## TASK DESCRIPTION
Report the count of lines holding "ezdxf" in the records, with no other words.

## EXERCISE MATERIAL
- - - -

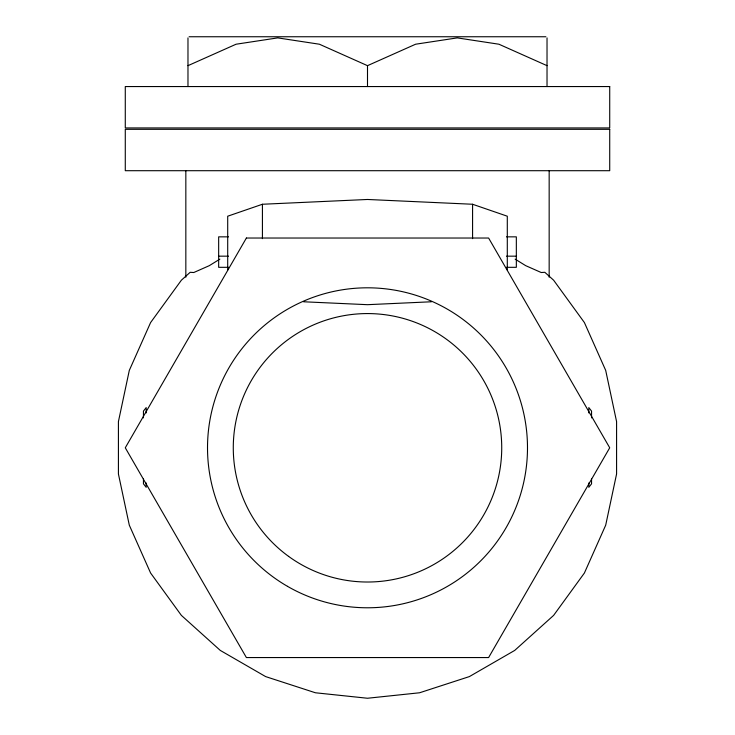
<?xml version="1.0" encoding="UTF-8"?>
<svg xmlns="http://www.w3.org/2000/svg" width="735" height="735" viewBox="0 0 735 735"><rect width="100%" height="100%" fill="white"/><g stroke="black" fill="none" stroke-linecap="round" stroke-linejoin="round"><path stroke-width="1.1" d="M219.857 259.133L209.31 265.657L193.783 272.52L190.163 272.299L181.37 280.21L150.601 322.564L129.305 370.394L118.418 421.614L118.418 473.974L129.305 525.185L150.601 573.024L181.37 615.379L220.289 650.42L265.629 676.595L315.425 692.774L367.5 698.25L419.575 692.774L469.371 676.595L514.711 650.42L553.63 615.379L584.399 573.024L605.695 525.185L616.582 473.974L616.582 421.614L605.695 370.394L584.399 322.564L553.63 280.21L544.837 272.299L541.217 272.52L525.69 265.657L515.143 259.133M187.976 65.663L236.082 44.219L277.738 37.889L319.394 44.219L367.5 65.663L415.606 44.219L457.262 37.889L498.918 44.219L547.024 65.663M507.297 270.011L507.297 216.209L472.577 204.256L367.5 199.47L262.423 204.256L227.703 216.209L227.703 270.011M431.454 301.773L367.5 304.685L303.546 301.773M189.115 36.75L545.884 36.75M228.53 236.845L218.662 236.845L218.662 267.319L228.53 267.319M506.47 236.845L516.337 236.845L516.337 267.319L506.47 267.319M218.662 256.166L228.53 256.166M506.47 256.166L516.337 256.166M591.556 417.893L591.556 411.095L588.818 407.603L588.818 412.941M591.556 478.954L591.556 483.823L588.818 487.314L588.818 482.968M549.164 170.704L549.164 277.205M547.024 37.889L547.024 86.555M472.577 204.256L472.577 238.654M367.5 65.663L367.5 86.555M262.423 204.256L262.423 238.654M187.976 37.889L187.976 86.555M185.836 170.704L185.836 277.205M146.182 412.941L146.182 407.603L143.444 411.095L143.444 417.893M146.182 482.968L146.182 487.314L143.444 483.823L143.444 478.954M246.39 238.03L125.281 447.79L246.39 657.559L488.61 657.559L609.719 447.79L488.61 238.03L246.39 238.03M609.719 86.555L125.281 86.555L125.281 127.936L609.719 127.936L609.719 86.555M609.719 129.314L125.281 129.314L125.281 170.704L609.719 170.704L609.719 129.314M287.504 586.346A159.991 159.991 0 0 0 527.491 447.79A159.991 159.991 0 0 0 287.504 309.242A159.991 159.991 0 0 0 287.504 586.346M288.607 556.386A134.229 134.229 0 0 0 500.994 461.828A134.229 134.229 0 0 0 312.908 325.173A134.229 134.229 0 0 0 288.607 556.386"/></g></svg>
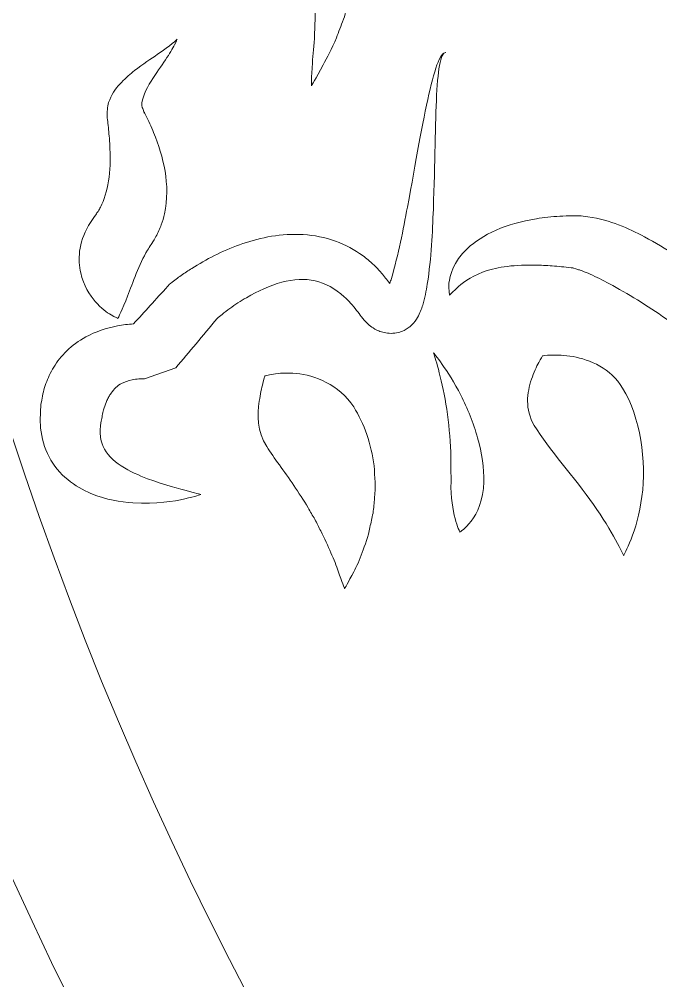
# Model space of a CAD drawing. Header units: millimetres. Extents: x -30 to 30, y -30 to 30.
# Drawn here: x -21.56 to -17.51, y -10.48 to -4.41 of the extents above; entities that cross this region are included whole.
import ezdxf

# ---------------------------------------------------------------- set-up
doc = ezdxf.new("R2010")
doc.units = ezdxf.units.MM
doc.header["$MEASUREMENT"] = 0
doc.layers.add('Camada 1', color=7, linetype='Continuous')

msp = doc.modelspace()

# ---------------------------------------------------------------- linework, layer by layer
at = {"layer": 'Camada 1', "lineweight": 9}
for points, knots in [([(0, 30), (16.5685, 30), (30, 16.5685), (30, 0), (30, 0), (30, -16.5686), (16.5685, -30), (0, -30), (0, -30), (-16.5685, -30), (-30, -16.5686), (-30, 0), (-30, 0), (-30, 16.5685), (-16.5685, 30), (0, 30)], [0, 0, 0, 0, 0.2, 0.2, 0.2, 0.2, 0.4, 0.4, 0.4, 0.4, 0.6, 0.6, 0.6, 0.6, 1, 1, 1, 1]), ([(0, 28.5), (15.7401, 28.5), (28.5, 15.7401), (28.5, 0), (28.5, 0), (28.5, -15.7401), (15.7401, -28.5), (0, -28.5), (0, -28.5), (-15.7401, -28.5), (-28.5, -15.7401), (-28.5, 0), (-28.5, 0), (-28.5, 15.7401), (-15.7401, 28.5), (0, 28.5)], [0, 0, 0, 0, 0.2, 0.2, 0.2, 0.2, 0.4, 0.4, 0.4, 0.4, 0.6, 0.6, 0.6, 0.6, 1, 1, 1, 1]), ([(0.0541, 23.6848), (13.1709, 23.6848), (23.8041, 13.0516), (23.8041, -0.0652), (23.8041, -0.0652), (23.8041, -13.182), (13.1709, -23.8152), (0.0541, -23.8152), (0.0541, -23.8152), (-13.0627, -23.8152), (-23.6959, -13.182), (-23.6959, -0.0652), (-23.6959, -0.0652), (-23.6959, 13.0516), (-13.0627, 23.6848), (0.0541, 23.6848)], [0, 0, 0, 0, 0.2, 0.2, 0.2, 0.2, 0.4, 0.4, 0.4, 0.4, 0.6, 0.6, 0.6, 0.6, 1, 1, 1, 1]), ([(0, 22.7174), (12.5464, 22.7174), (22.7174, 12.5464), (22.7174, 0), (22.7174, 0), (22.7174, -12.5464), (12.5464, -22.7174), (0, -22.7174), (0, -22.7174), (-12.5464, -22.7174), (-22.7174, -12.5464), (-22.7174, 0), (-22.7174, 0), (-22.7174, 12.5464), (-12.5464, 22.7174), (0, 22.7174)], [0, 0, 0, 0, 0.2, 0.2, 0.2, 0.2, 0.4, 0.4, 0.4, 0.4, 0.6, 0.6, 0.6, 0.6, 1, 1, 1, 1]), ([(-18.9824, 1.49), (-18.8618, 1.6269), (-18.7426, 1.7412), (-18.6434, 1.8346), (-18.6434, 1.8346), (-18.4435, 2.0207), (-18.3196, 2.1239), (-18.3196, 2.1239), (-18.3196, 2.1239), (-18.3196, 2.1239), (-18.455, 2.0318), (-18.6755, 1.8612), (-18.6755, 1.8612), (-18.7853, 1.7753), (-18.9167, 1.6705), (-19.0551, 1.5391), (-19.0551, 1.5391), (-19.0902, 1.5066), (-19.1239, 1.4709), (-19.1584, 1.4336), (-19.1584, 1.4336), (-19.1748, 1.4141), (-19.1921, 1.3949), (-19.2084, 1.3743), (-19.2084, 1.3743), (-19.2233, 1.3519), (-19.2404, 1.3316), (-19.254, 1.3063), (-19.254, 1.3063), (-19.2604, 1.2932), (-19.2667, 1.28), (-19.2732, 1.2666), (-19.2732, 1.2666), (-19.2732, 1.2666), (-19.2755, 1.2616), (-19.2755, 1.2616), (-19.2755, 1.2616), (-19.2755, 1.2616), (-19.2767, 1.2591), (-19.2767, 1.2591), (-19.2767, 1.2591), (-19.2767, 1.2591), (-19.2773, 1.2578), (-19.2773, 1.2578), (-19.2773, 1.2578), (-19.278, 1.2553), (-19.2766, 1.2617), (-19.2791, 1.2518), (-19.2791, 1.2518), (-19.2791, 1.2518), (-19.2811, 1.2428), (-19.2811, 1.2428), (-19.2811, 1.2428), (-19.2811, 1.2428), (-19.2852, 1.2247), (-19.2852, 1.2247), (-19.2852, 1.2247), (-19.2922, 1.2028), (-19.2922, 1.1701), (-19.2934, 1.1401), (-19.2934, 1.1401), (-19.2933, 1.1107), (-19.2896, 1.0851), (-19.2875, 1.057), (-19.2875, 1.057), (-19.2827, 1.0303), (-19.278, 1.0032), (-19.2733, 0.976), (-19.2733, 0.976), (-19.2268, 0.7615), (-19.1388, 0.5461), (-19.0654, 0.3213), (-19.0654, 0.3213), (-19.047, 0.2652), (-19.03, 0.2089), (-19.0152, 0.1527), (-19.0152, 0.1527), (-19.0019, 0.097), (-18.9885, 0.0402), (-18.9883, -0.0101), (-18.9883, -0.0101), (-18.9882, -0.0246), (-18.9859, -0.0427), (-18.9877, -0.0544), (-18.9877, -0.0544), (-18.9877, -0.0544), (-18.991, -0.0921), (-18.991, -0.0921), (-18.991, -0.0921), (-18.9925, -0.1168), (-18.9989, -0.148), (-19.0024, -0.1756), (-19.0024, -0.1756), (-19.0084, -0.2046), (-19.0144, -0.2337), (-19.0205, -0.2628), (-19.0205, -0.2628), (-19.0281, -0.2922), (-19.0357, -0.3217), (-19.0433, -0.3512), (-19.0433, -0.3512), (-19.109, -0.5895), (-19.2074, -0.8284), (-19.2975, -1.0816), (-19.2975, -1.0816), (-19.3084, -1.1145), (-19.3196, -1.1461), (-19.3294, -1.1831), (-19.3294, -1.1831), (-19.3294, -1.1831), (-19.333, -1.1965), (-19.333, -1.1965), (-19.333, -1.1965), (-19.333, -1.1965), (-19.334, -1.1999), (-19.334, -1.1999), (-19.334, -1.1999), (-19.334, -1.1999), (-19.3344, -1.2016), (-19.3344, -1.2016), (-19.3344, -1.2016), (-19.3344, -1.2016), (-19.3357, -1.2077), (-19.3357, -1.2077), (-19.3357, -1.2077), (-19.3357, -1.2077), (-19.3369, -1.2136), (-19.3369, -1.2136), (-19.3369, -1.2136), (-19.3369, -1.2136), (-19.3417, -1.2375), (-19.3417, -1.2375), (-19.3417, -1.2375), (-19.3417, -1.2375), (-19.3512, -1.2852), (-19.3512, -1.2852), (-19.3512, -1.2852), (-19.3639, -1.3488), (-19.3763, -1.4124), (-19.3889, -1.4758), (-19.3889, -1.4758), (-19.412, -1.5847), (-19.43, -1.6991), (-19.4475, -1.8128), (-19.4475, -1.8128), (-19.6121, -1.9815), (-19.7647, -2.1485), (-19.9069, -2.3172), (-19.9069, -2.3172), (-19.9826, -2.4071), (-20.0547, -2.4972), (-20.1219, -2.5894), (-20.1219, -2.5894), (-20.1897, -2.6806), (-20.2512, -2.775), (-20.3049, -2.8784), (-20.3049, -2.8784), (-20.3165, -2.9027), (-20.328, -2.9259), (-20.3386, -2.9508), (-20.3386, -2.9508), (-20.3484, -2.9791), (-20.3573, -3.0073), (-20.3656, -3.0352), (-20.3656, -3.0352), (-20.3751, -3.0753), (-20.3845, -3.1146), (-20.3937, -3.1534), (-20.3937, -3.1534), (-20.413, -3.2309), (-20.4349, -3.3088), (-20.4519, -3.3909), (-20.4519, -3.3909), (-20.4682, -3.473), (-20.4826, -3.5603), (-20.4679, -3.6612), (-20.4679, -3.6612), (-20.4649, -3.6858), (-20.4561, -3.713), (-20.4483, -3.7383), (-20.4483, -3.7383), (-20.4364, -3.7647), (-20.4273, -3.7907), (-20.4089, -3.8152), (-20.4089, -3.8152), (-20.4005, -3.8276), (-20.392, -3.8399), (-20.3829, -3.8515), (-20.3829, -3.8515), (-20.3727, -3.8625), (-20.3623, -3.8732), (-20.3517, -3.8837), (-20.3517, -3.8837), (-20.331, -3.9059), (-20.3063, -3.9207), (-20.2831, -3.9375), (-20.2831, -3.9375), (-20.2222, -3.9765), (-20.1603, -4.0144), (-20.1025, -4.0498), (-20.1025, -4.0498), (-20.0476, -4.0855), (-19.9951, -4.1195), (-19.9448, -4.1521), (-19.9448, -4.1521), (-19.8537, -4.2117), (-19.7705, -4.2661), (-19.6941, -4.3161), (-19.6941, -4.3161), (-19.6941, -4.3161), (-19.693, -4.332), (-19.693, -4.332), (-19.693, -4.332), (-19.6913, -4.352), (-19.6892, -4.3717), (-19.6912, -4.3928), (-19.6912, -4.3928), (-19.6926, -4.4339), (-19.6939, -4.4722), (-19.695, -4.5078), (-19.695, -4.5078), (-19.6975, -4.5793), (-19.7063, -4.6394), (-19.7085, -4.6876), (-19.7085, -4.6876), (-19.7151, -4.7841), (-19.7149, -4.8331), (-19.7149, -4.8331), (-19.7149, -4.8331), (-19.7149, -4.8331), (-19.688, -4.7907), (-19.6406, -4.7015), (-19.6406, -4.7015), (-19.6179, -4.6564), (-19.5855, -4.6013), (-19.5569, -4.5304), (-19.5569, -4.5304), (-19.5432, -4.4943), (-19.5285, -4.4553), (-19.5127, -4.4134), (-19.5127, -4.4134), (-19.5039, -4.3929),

- - - -

## WRITTEN SOLUTION
3